Montreux-Berner Oberland-Bahn
Die Montreux-Berner Oberland-Bahn, abgekürzt MOB, französisch Chemin de fer Montreux Oberland bernois, ist eine Schweizer Bahngesellschaft. Heute ist sie im Handelsregister mit der Schreibweise Compagnie du Chemin de fer Montreux Oberland bernois SA und Montreux Berner Oberland Bahn AG eingetragen, bis 2010 lautete die deutsche Eigenschreibweise Montreux-Berner Oberland-Bahn. Sie ist sowohl Eisenbahnverkehrsunternehmen als auch Infrastrukturbetreiberin, im Wesentlichen betreibt sie die meterspurige Bahnstrecke Montreux–Lenk im Simmental. Das Unternehmen wurde Ende der 1890er Jahre gegründet, um diese Bahnstrecke zu bauen.
Geschichte
Die MOB nahm die erste Teilstrecke von Montreux bis zur Ortschaft Les Avants im Tal der Baye de Montreux im Jahr 1901 in Betrieb. Das stark ansteigende Trassee führt kurvenreich über Sonzier und Chamby in das Berggebiet oberhalb von Montreux. Bei Chamby liegen die Gleise in einem Kehrtunnel. Die Haltestelle von Les Avants liegt 570 m höher als der Bahnhof Montreux.
Der nächste Streckenabschnitt von Les Avants nach Montbovon war am 1. Oktober 1903 fertiggestellt. Es war der schwierigste Bauabschnitt, in welchem das Gleis von Les Avants in östlicher Richtung nach Jor leicht ansteigend und mit mehreren kurzen Tunnels dem steilen Berghang im oberen Tal der Baye de Montreux folgt und zwischen Jor (1080 m ü. M.) und Les Cases (1115 m ü. M.) durch den 2424 m langen Jamantunnel führt. Im Tunnel erreicht die Strecke das Gebiet des Kantons Freiburg. Von Les Cases aus folgt die Bahnstrecke talwärts dem Hongrin bis nach Montbovon an der Saane. 1904 erreichte auch die Greyerzer Linie der Bahngesellschaft Chemin de fer Châtel-St-Denis-Bulle-Montbovon, die sich bald darauf den neuen Namen Chemins de fer électriques de la Gruyère gab, den Bahnhof von Montbovon.

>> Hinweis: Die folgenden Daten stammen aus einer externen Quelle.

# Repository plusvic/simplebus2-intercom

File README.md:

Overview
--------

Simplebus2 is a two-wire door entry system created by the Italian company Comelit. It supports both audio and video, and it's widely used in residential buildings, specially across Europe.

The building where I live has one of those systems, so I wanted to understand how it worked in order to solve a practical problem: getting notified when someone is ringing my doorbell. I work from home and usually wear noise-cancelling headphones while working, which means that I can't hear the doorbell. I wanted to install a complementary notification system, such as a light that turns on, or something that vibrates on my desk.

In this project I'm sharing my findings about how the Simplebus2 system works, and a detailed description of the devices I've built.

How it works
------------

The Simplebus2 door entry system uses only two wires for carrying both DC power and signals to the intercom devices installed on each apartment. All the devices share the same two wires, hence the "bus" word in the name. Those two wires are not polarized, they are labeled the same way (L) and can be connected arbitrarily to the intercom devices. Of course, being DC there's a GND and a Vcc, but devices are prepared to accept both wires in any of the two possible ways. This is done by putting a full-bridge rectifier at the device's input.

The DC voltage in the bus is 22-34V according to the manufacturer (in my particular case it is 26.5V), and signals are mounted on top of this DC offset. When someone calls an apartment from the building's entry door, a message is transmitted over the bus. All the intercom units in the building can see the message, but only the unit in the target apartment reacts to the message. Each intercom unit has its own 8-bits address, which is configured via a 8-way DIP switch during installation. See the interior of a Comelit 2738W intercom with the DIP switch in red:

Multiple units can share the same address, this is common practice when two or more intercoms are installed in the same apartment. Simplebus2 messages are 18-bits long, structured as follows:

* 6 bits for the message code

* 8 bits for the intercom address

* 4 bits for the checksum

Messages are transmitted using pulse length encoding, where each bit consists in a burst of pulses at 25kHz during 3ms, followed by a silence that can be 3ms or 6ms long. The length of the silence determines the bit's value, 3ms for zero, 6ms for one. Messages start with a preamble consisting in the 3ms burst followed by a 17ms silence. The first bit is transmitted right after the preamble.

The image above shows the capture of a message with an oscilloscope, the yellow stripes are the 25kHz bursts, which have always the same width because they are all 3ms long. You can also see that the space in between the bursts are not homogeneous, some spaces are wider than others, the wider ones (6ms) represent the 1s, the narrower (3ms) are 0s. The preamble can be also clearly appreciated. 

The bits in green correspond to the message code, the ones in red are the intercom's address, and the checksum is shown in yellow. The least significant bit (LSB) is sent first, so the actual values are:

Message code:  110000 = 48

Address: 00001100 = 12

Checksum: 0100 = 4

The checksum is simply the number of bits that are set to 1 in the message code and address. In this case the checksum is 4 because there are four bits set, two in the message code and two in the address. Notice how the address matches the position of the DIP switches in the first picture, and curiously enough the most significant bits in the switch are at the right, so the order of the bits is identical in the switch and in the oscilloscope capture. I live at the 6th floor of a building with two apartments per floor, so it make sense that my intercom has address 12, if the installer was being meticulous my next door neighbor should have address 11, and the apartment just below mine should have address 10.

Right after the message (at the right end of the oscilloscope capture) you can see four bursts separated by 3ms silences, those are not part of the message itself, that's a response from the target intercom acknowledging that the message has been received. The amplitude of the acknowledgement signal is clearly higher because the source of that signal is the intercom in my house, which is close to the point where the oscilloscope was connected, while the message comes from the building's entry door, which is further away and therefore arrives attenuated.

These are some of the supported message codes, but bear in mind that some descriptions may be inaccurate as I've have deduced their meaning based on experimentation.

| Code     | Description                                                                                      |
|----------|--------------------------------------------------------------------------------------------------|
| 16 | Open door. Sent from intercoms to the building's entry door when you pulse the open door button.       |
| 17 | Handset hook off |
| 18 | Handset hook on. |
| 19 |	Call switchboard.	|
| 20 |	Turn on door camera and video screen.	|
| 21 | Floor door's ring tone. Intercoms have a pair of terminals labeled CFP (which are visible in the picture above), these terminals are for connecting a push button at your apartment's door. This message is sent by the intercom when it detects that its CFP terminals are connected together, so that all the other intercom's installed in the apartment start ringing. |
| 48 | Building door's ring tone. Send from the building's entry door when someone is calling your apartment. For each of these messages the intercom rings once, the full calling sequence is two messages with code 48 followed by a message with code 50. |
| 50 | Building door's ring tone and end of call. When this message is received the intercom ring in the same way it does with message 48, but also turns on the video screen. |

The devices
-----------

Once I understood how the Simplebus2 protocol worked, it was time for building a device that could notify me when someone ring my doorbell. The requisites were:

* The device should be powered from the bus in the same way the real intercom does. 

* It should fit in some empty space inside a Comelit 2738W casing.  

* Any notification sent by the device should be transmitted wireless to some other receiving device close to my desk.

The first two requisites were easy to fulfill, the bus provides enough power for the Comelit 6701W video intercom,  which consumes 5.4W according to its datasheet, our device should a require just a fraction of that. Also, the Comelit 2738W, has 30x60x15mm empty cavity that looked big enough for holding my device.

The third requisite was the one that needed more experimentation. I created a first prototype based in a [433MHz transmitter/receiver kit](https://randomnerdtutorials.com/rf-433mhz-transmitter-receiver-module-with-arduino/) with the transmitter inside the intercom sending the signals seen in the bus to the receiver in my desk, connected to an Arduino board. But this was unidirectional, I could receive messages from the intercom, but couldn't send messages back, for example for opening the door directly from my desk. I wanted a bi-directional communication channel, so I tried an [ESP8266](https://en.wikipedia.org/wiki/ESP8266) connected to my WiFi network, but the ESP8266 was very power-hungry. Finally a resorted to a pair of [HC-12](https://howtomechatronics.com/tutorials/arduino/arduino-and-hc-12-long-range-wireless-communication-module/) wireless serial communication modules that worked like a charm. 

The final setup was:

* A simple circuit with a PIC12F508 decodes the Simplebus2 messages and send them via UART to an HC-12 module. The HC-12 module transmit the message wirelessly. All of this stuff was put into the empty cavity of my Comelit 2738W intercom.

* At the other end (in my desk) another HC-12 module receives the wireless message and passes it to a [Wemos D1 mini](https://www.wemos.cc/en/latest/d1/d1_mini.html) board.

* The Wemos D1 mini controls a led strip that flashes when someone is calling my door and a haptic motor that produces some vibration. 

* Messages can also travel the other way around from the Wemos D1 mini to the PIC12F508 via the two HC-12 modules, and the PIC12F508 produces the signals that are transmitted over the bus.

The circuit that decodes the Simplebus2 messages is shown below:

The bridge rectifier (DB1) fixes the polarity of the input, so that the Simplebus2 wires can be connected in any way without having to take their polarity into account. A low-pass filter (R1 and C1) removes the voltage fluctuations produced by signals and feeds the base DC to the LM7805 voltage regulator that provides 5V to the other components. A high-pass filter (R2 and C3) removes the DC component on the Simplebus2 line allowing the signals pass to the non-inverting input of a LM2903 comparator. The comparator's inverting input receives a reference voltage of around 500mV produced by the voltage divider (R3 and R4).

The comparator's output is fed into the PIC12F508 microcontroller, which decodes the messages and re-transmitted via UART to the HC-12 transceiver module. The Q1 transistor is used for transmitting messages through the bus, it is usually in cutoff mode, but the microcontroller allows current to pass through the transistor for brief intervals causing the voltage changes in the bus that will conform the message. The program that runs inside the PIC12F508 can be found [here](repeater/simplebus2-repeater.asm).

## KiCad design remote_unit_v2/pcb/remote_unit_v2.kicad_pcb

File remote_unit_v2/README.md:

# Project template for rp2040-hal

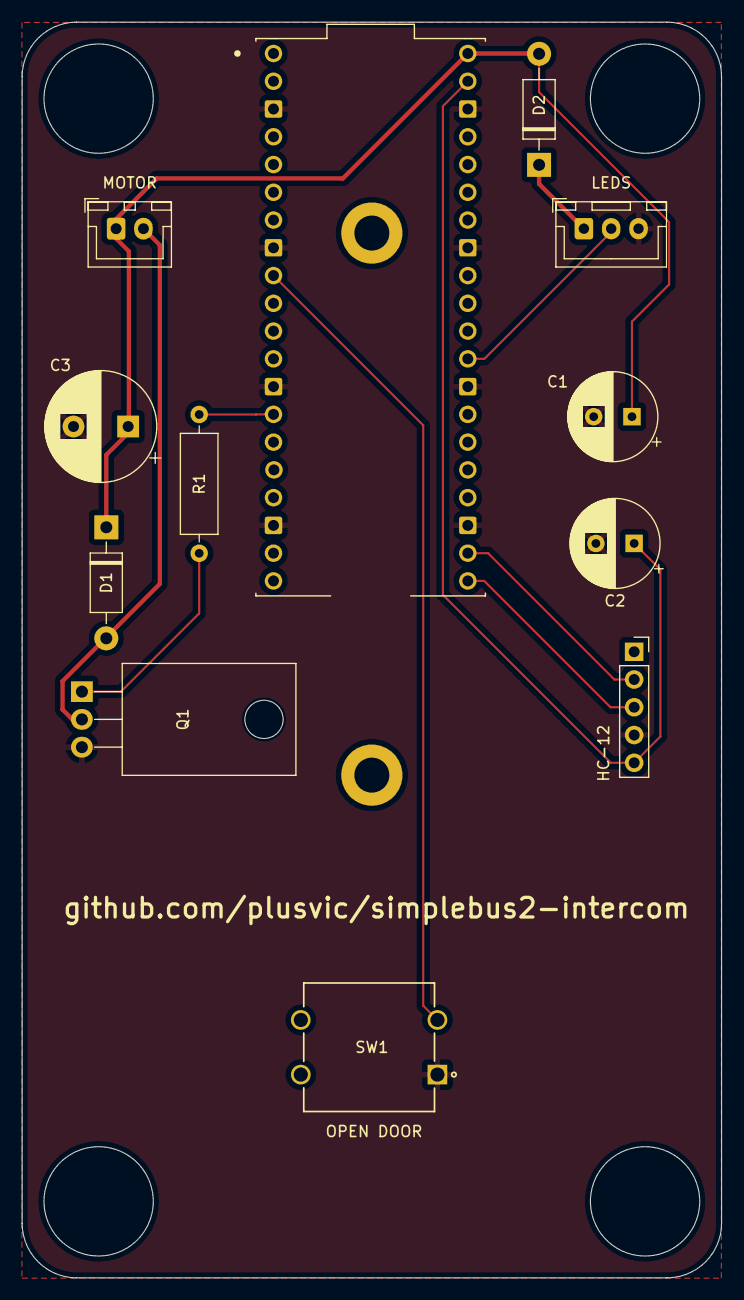
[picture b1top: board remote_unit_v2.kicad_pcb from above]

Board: 2 copper layers, 64.0 x 114.9 mm, 12 parts (0 on the bottom side), 11 nets.

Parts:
A1: SC0918; MODULE_SC0918
C1, C2: 470uF; CP_Radial_D8.0mm_P3.50mm
C3: 680uF; CP_Radial_D10.0mm_P5.00mm
D1, D2: 1N4001; D_DO-41_SOD81_P10.16mm_Horizontal
J1: LEDS; JST_XH_B3B-XH-A_1x03_P2.50mm_Vertical
J2: HC-12; PinSocket_1x05_P2.54mm_Vertical
J3: MOTOR; JST_XH_B2B-XH-A_1x02_P2.50mm_Vertical
Q1: Q_NPN_Darlington_BCE; TO-220-3_Horizontal_TabDown
R1: 1k; R_Axial_DIN0309_L9.0mm_D3.2mm_P12.70mm_Horizontal
SW1: OPEN DOOR; COM-10302_SPK

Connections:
3.3V: A1.39 (VSYS), C2.1, J2.5
/RX: A1.21 (GP16), J2.3
/TX: A1.22 (GP17), J2.2
GND: A1.3 (GND), A1.8 (GND), A1.13 (GND), A1.18 (GND), A1.23 (GND), A1.28 (GND), A1.33 (AGND), A1.38 (GND), C1.2, C2.2, C3.2, J1.3, J2.4, Q1.3 (E), SW1.1
unnamed: A1.9 (GP6), SW1.3 (K)
unnamed: A1.14 (GP10), R1.2
unnamed: A1.29 (GP22), J1.2
unnamed: D1.2 (A), J3.2, Q1.2 (C)
unnamed: D2.1 (K), J1.1
unnamed: Q1.1 (B), R1.1
VBUS: A1.40 (VBUS), C1.1, C3.1, D1.1 (K), D2.2 (A), J3.1

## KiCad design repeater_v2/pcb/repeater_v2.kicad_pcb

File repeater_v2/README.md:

# repeater

## Prerequisites

  * A recent version of the nightly Rust compiler. Anything including or
    greater than `rustc 1.63.0-nightly (fee3a459d 2022-06-05)` can be used.
  * The rust-src rustup component - `$ rustup component add rust-src`
  * AVR-GCC on the system for linking
  * AVR-Libc on the system for support libraries
  * minipro (https://gitlab.com/DavidGriffith/minipro)

## How to build

This project must be built with a nightly version of rustc because we must use the 
`-Z build-std=core` in order to build the `core` standard library.

```bash
cargo build -Z build-std=core --target attiny85.json --release
objcopy -O ihex target/attiny85/release/repeater_v2.elf target/attiny85/release/repeater_v2.hex
minipro -w target/attiny85/release/repeater_v2.hex -p ATTINY85@DIP8
```

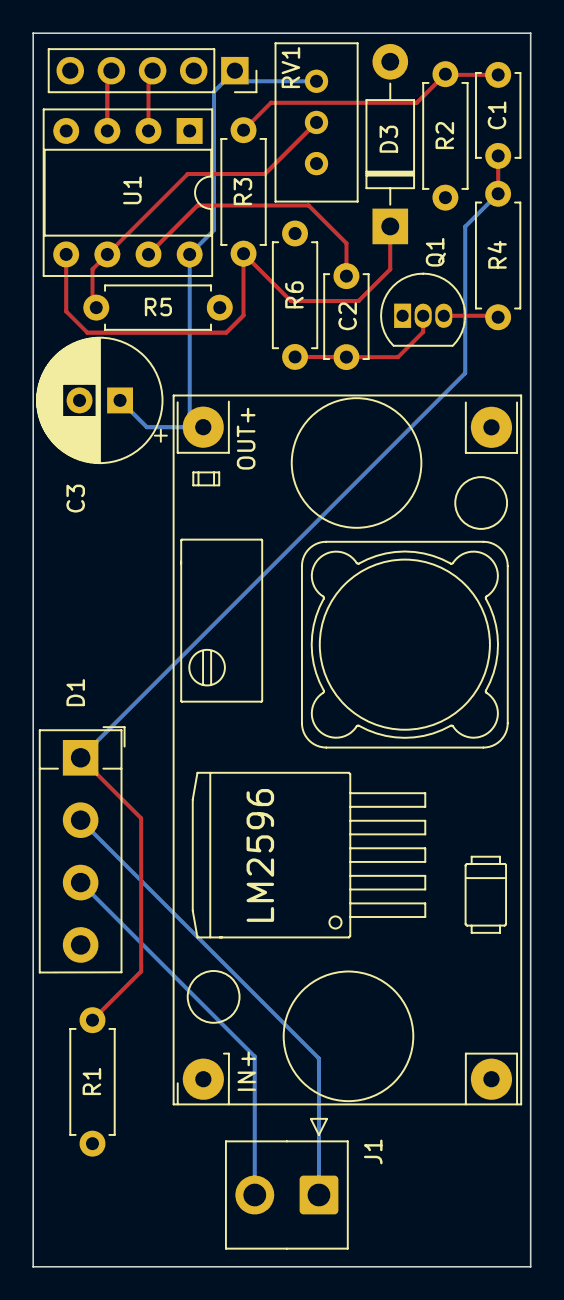
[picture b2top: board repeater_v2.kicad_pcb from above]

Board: 2 copper layers, 30.7 x 76.1 mm, 17 parts (0 on the bottom side), 13 nets.

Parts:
C1: 0.1uF; C_Disc_D5.0mm_W2.5mm_P5.00mm
C2: 100nF; C_Disc_D5.0mm_W2.5mm_P5.00mm
C3: 1000uF; CP_Radial_D7.5mm_P2.50mm
D1: Bridge Rectifier; Diode_Bridge_Vishay_KBPM
D3: 1N47xxA; D_DO-41_SOD81_P10.16mm_Horizontal
IN+: YAAJ_DCDC_StepDown_LM2596
J1: SimpleBus Connector; TE_826576-2_1x02_P3.96mm_Vertical
J2: HC-12; PinSocket_1x05_P2.54mm_Vertical
Q1: PN2222A; TO-92_Inline
R1: 560R; R_Axial_DIN0207_L6.3mm_D2.5mm_P7.62mm_Horizontal
R2, R5: 10k; R_Axial_DIN0207_L6.3mm_D2.5mm_P7.62mm_Horizontal
R3: 100; R_Axial_DIN0207_L6.3mm_D2.5mm_P7.62mm_Horizontal
R4: 220R; R_Axial_DIN0207_L6.3mm_D2.5mm_P7.62mm_Horizontal
R6: 2.2k; R_Axial_DIN0207_L6.3mm_D2.5mm_P7.62mm_Horizontal
RV1: 3298; Potentiometer_Bourns_3296W_Vertical
U1: ATtiny85-20P; DIP-8_W7.62mm_Socket

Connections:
+5V: C3.1, IN+.4, J2.1, RV1.1, U1.8 (VCC)
GND: C3.2, D1.4 (-), D3.2 (A), IN+.2, IN+.3, J2.2, Q1.1 (E), R2.2, R5.2, R6.2, U1.4 (GND)
unnamed: C1.2, R2.1, R3.2
unnamed: C1.1, D1.1 (+), R1.1, R4.1
unnamed: D3.1 (K), R3.1, U1.5 (AREF/PB0)
unnamed: D1.2, J1.1
unnamed: D1.3, J1.2
unnamed: C2.2, Q1.2 (B), R6.1
unnamed: Q1.3 (C), R4.2
unnamed: C2.1, U1.7 (PB2)
REF VOLTAGE: R5.1, RV1.2, U1.6 (PB1)
UART RX: J2.4, U1.3 (XTAL2/PB4)
UART TX: J2.3, U1.2 (XTAL1/PB3)

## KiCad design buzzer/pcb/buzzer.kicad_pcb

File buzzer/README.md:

# buzzer

## Prerequisites

  * A recent version of the nightly Rust compiler. Anything including or
    greater than `rustc 1.63.0-nightly (fee3a459d 2022-06-05)` can be used.
  * The rust-src rustup component - `$ rustup component add rust-src`
  * AVR-GCC on the system for linking
  * AVR-Libc on the system for support libraries
  * minipro (https://gitlab.com/DavidGriffith/minipro)

## How to build

```bash
cargo build --release
objcopy -O ihex target/attiny13/release/buzzer.elf target/attiny13/release/buzzer.hex
minipro -w target/attiny13/release/buzzer.hex -p ATTINY13@DIP8
```

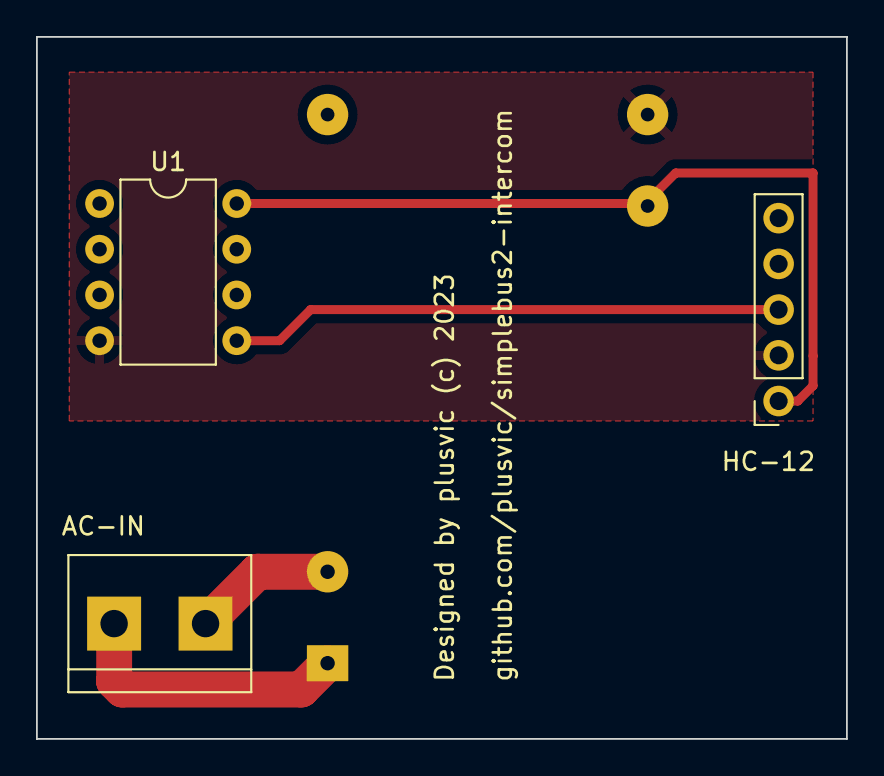
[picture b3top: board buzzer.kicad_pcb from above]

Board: 2 copper layers, 45.0 x 39.0 mm, 4 parts (1 on the bottom side), 5 nets.

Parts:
AC-IN: Screw_Terminal_01x02; TerminalBlock_bornier-2_P5.08mm
HC-12: Conn_01x05_Female; PinSocket_1x05_P2.54mm_Vertical
PS1: IRM-03-3.3; Custom_Converter_ACDC_MeanWell_IRM-03-xx_THT
U1: ATtiny13-20P; DIP-8_W7.62mm

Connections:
GND: HC-12.2, PS1.14 (-Vo), U1.4 (GND)
unnamed: HC-12.3, U1.5 (PB0)
unnamed: AC-IN.1, PS1.1 (AC/L)
unnamed: AC-IN.2, PS1.3 (AC/N)
Vcc: HC-12.1, PS1.16 (+Vo), U1.8 (VCC)

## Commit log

2021-05-23 Commit code for remote unit.
2021-05-23 Commit repeater's schematic and code.
2021-05-23 Update README.md
    Add details about the project.
2021-05-23 Fix bug in repeater's diagram.
2021-05-23 Add missing word to README.md
2021-10-29 Fix error un README.md
2021-11-05 Update remote unit code with latest changes.
2021-11-27 Implement silent mode and use InputDebounce library.
2023-01-22 Upgrade to Blynk 1.1.0
2023-07-30 Add buzzer.
    A simple Rust program for the ATtiny13 MCU that sends message 21 (MSG_CALL_FROM_FLOOR_DOOR) to the repeater using a HC-12 transceiver. Also contains the Kicad files for the hardware.
2024-12-27 Minor changes to buzzer.
2024-12-27 Add repeater v2
2024-12-27 Add remote unit v2
2024-12-27 Add repeater PCB files.
2024-12-27 Remove .idea directory
2024-12-30 Minor changes to remote unit v2
2025-01-25 Fix bug while decoding messages.
2025-01-25 Fix bugs.
2025-01-31 Improvements to remote unit v2

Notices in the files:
buzzer/pcb/buzzer.kicad_pcb:
Designed by plusvic (c) 2023

1904 begann der Bahnbetrieb auf der Strecke von Montbovon (Kanton Freiburg) nach Château-d’Oex (Kanton Waadt) und Gstaad im Kanton Bern, im folgenden Jahr auf der Strecke von Gstaad über den Saanenmöserpass, den höchsten Punkt im MOB-Streckennetz (1279 m ü. M.), nach Zweisimmen. Im Bahnhof Zweisimmen besteht der Anschluss an die 1902 eröffnete Erlenbach-Zweisimmen-Bahn (Normalspur). 1912 ergänzte die MOB die Verbindungen mit der Linie von Zweisimmen nach Lenk. Für den Transport normalspuriger Güterwagen von Zweisimmen nach Lenk setzt die MOB Rollböcke ein.
Mit der Weltwirtschaftskrise verschlechterte sich die wirtschaftliche Situation der MOB und es musste auf Investitionen und Erneuerungen verzichtet werden. Erst das Inkrafttreten des Privatbahnhilfegesetzes ermöglichte in den 1940er Jahren die Beschaffung neuer Triebwagen und Wagen. Mit dem Inkrafttreten des Eisenbahngesetzes verbesserte sich die Situation zusehends und ab 1962 konnte der Fahrzeugpark systematisch erneuert werden. Schliesslich wurden selbst neue Konzepte entworfen und es entstanden, zu wesentlichen Teilen in der eigenen Werkstätte in Chernex, klimatisierte Panoramawagen. Dabei wurden, um Kosten zu sparen, Drehgestelle, Untergestelle und andere brauchbare Komponenten alter Wagen wiederverwendet.
Seither hat sich die MOB mit den (inzwischen teilweise wieder verschwundenen) Markennamen Panoramic Express, Super Panoramic Express, Crystal Panoramic Express, Golden Pass Panoramic und Golden Pass Classic innerhalb der zusammen mit der Bern-Lötschberg-Bahn (BLS) und der Brünig-Bahn betriebenen Golden-Pass-Line von Montreux über Gstaad, Zweisimmen, Interlaken nach Luzern etabliert. Die durchgängige Vermarktung mit einigen einheitlich goldfarben gestalteten Fahrzeugen konnte aber den Mangel des Umsteigenmüssens am Bahnhof Zweisimmen und am Bahnhof Interlaken Ost wegen der normalspurigen BLS-Strecke nicht beseitigen.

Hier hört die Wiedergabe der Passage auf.